Listed entries>
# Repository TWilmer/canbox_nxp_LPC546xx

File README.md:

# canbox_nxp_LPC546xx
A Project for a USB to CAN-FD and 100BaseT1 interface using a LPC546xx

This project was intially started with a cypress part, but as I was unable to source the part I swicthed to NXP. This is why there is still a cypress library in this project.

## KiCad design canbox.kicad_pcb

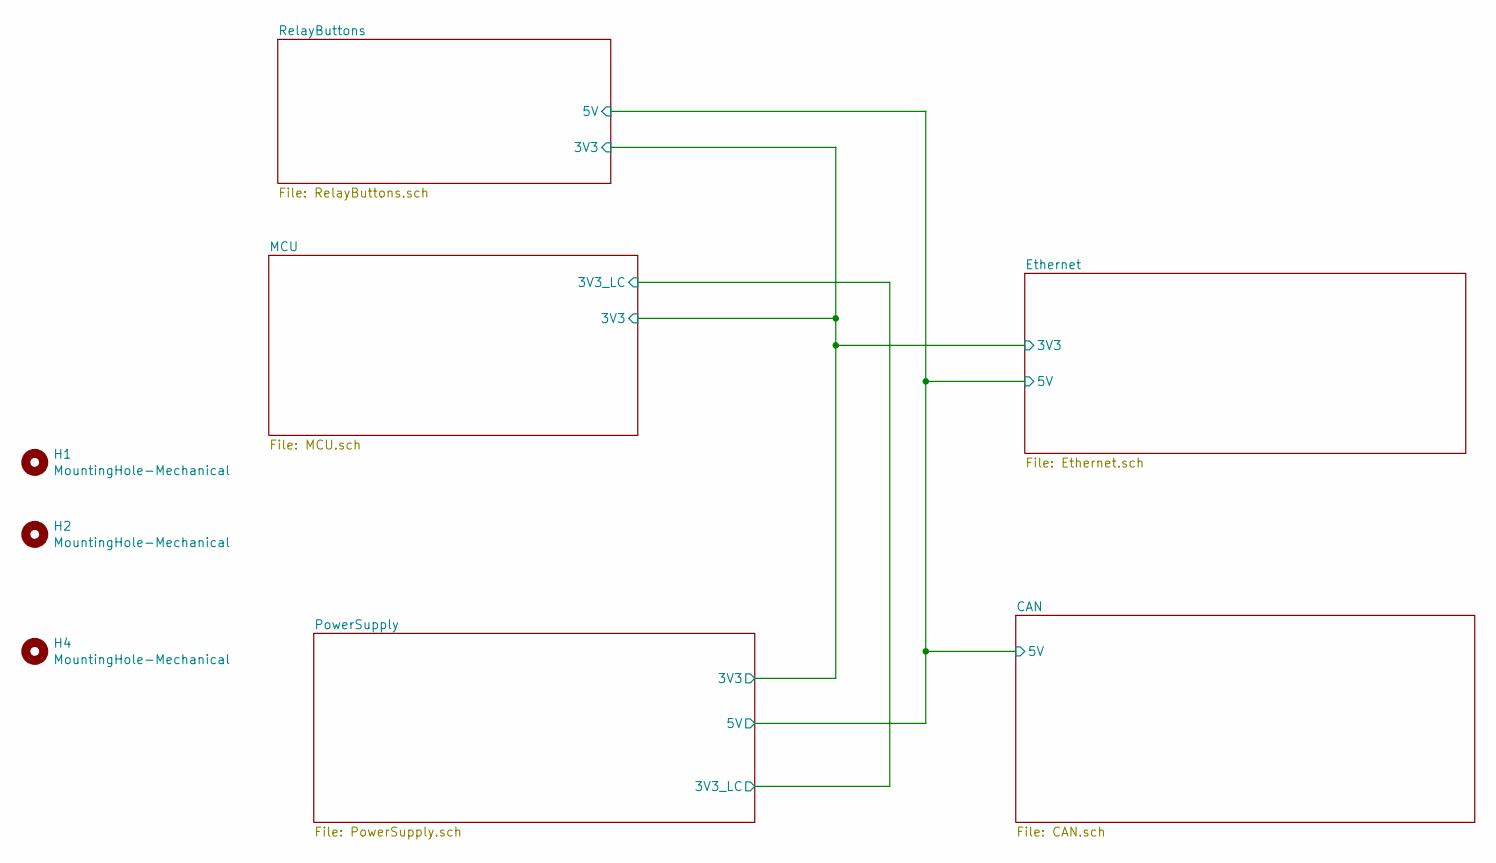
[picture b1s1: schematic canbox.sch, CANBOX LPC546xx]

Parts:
H1, H2, H4: MountingHole-Mechanical; MountingHole_2.2mm_M2_DIN965

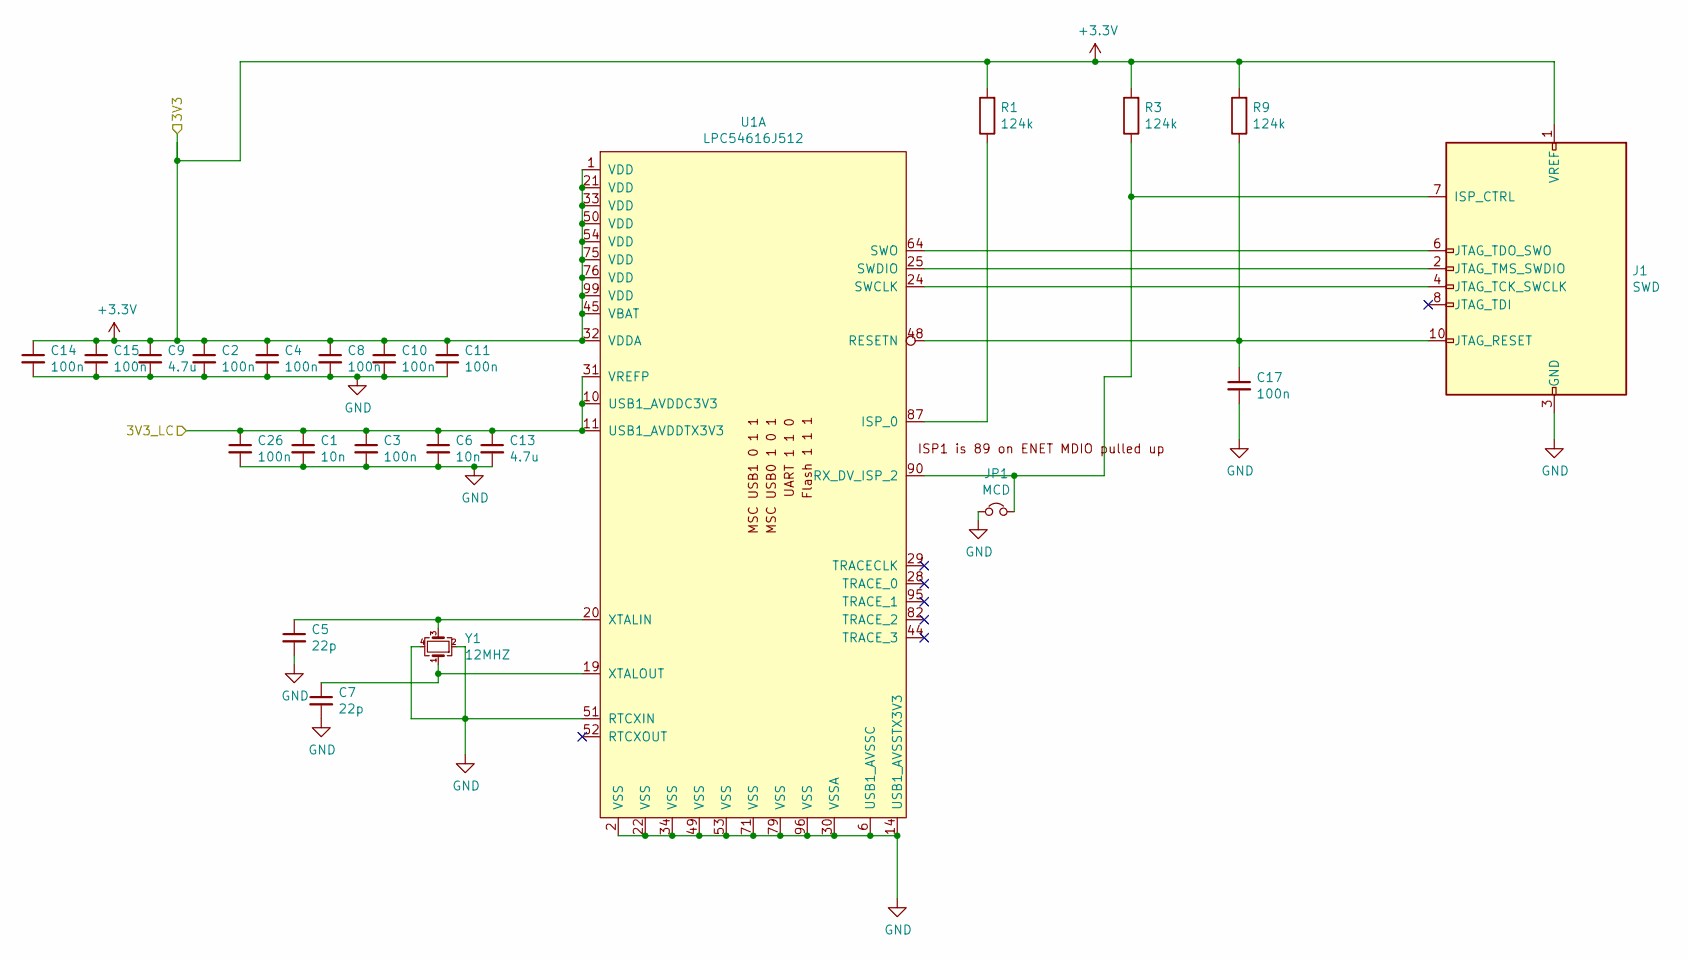
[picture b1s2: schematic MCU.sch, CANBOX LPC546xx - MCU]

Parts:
C1: 10n; C_0805_2012Metric_Pad1.15x1.40mm_HandSolder; JLC C1710
C2, C3, C4, C8, C10, C11, C14, C15, C17, C26: 100n; C_0805_2012Metric_Pad1.15x1.40mm_HandSolder; JLC C49678
C5, C7: 22p; C_0805_2012Metric_Pad1.15x1.40mm_HandSolder; JLC C1804
C6: 10n; C_0805_2012Metric_Pad1.15x1.40mm_HandSolder; JLC C1779
C9, C13: 4.7u; C_0805_2012Metric_Pad1.15x1.40mm_HandSolder; JLC C1779
J1: SWD; PinHeader_2x05_P1.27mm_Vertical_SMD
JP1: MCD; PinHeader_1x02_P2.54mm_Vertical; Mouser 22-28-4022
R1, R3, R9: 124k; R_0805_2012Metric_Pad1.15x1.40mm_HandSolder; JLC C17440
U1: LPC54616J512; LQFP-100_14x14mm_P0.5mm
Y1: 12MHZ; Crystal_SMD_3225-4Pin_3.2x2.5mm_HandSoldering; JLC C9002

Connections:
/3V3_LC: C1.1, C3.1, C6.1, C13.1, C26.1, U1.10 (USB1_AVDDC3V3), U1.11 (USB1_AVDDTX3V3), U1.31 (VREFP); also elsewhere on the board
GND: C1.2, C2.2, C3.2, C4.2, C5.2, C6.2, C7.2, C8.2, C9.2, C10.2, C11.2, C13.2, C14.2, C15.2, C17.2, C26.2, J1.3 (GND), J1.5 (GND), J1.9 (GND), JP1.1, U1.2 (VSS), U1.6 (USB1_AVSSC), U1.14 (USB1_AVSSTX3V3), U1.22 (VSS), U1.30 (VSSA), U1.34 (VSS), U1.49 (VSS), U1.51 (RTCXIN), U1.53 (VSS), U1.71 (VSS), U1.79 (VSS), U1.96 (VSS), Y1.2, Y1.4; also elsewhere on the board
unnamed: C5.1, U1.20 (XTALIN), Y1.3
unnamed: C7.1, U1.19 (XTALOUT), Y1.1
unnamed: C17.1, J1.10 (JTAG_RESET), R9.1, U1.48 (RESETN)
unnamed: J1.2 (JTAG_TMS_SWDIO), U1.25 (SWDIO)
unnamed: J1.4 (JTAG_TCK_SWCLK), U1.24 (SWCLK)
unnamed: J1.6 (JTAG_TDO_SWO), U1.64 (SWO)
unnamed: J1.7 (ISP_CTRL), JP1.2, R3.1, U1.90 (RX_DV_ISP_2)
unnamed: R1.1, U1.87 (ISP_0)

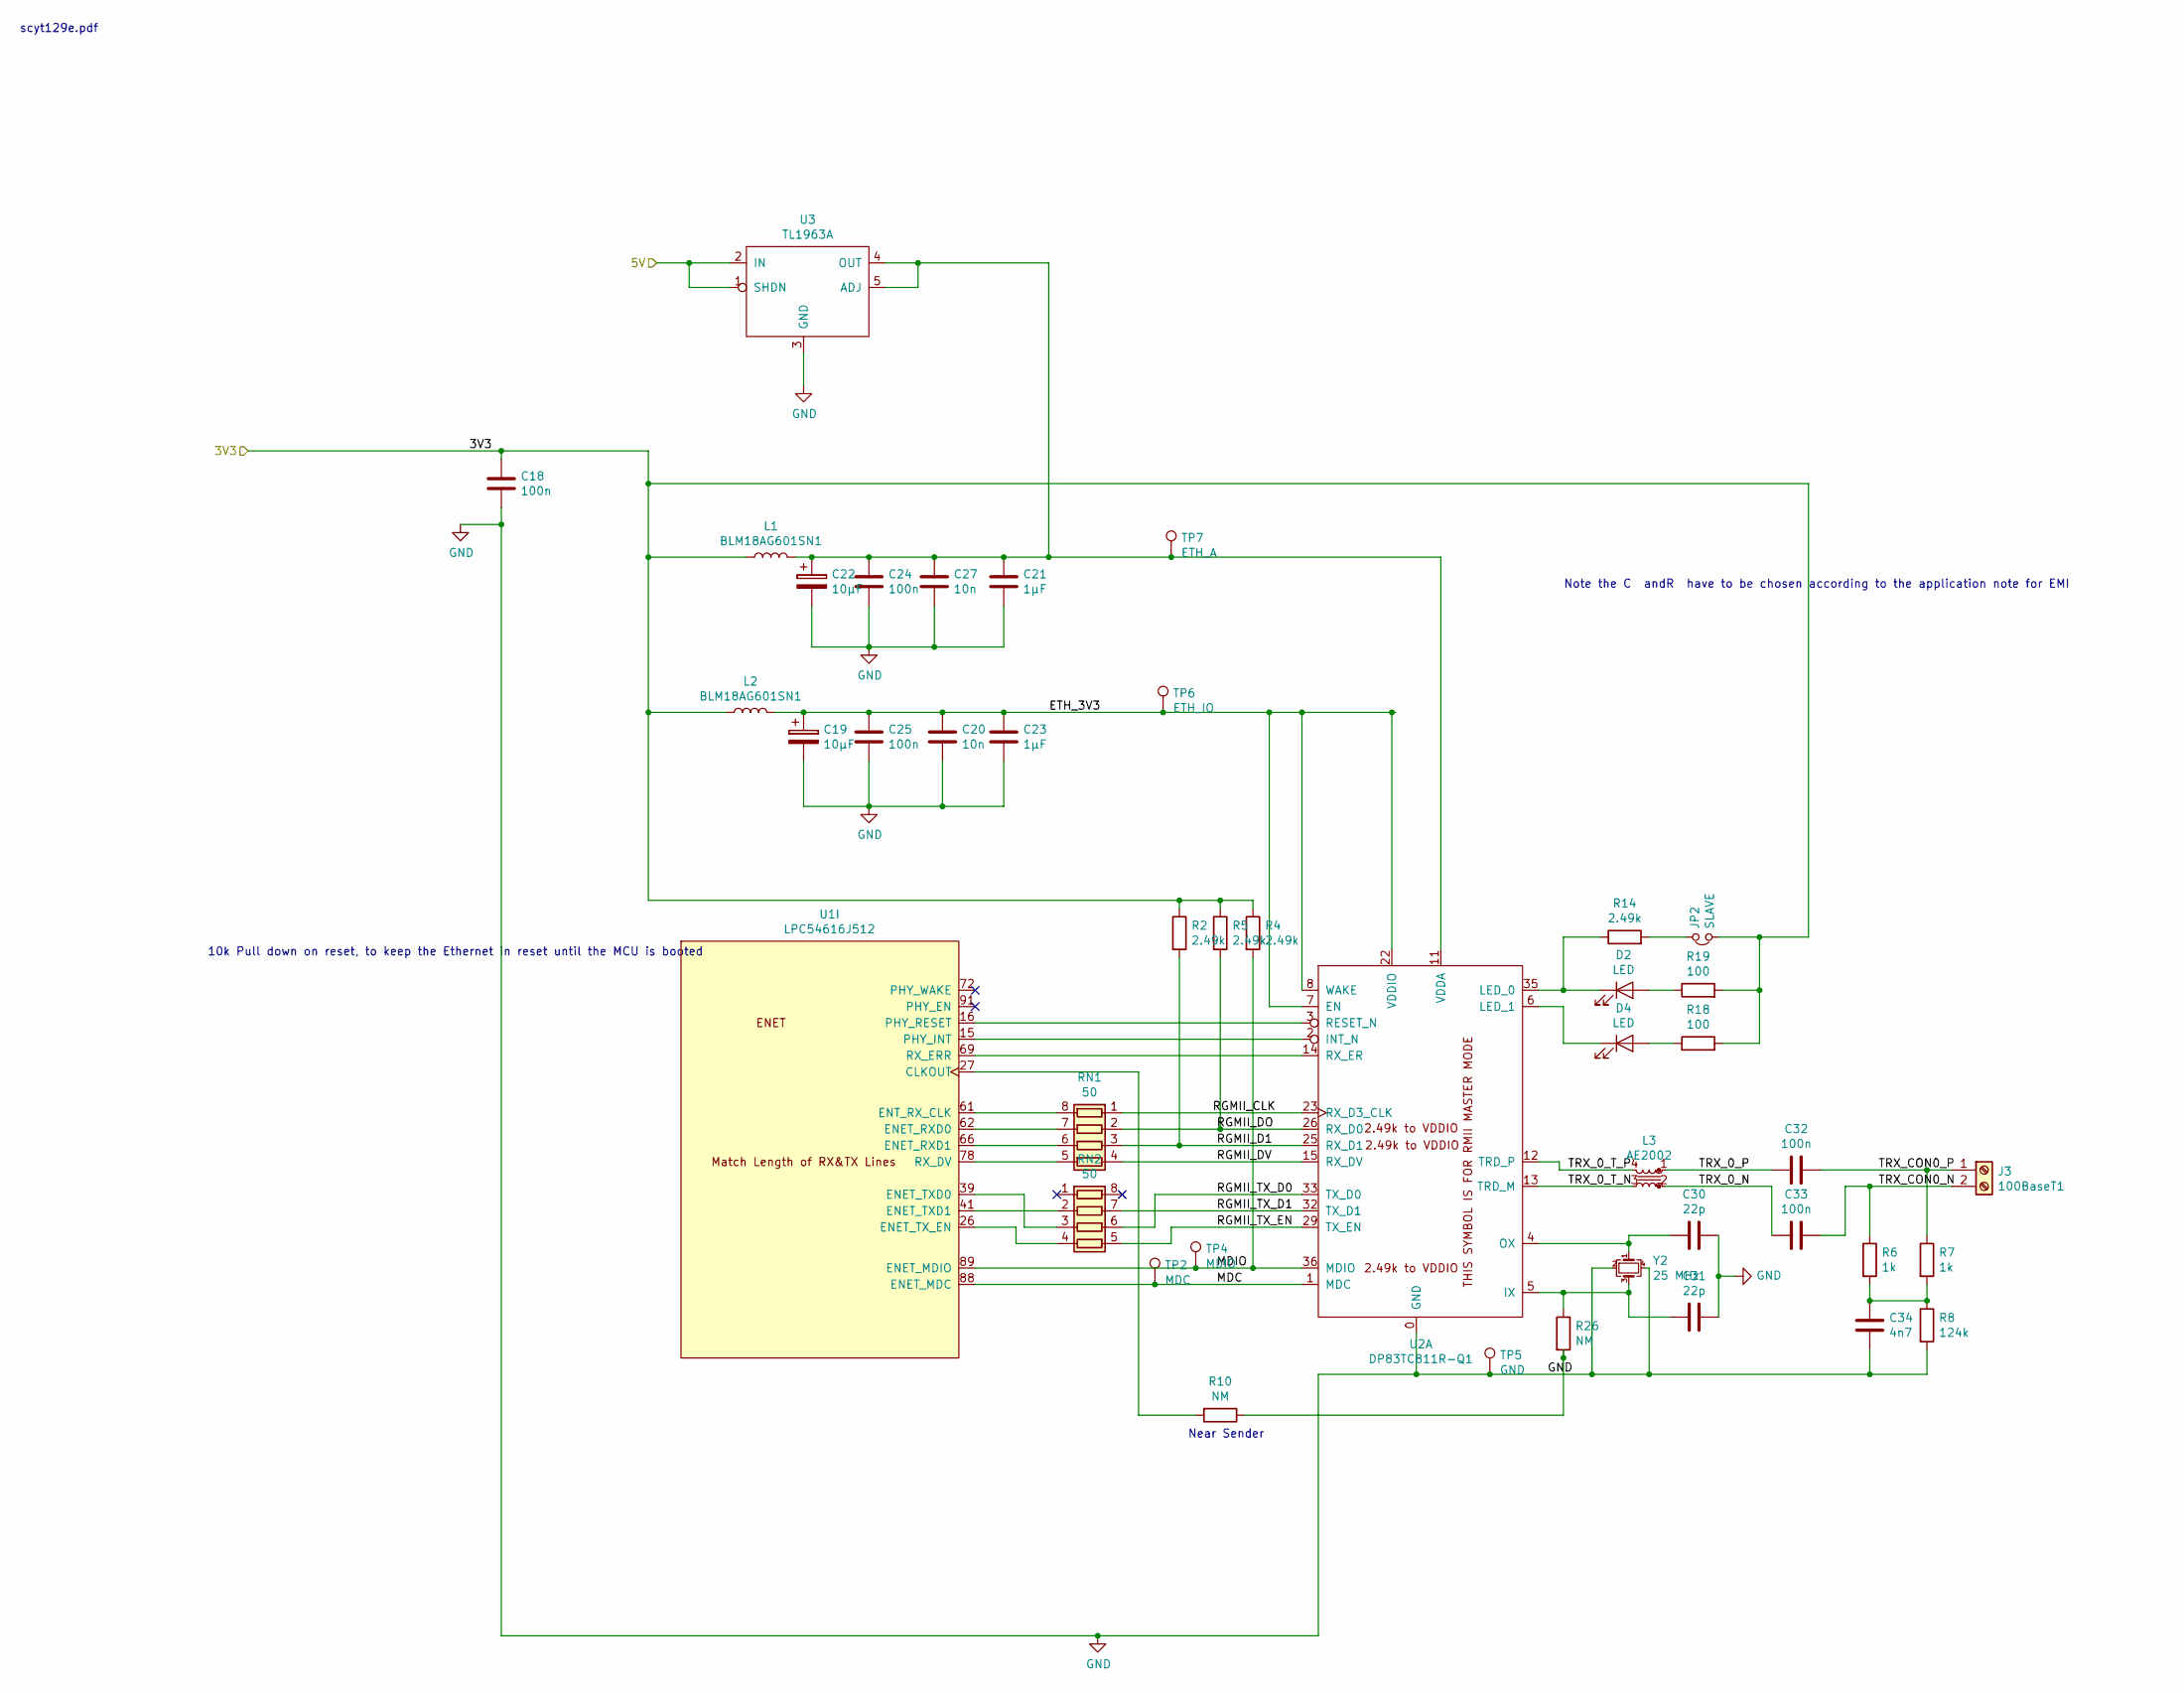
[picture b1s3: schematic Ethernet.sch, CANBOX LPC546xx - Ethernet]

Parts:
C18, C24, C25: 100n; C_0805_2012Metric_Pad1.15x1.40mm_HandSolder; JLC C49678
C19, C22: 10µF; C_0805_2012Metric_Pad1.15x1.40mm_HandSolder; JLC C45783
C20, C27: 10n; C_0805_2012Metric_Pad1.15x1.40mm_HandSolder; JLC C1710
C21, C23: 1µF; C_0805_2012Metric_Pad1.15x1.40mm_HandSolder; JLC C13967
C30, C31: 22p; C_0805_2012Metric_Pad1.15x1.40mm_HandSolder; JLC C1804
C32, C33: 100n; C_0603_1608Metric_Pad1.05x0.95mm_HandSolder; JLC C49678
C34: 4n7; C_0805_2012Metric_Pad1.15x1.40mm_HandSolder; JLC C1744
D2, D4: LED; LED_1210_3225Metric; JLC C2297
J3: 100BaseT1; TerminalBlock_Phoenix_MPT-0,5-2-2.54_1x02_P2.54mm_Horizontal; DigiKez 282834-2
JP3: SLAVE; PinHeader_1x02_P2.54mm_Vertical
L1, L2: BLM18AG601SN1; R_0603_1608Metric_Pad1.05x0.95mm_HandSolder; DigiKez 490-1014-1-ND
L3: AE2002; L_CMC_1812; DigiKez 1840-1044-1-ND
R2, R5: 2.49k; R_0402_1005Metric; Mouser ok
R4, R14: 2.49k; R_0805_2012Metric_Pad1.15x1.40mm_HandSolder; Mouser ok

Exercise> Each line that includes the word "schematic" counts once; report how many such lines the entries have, and nothing else.

Solution> 3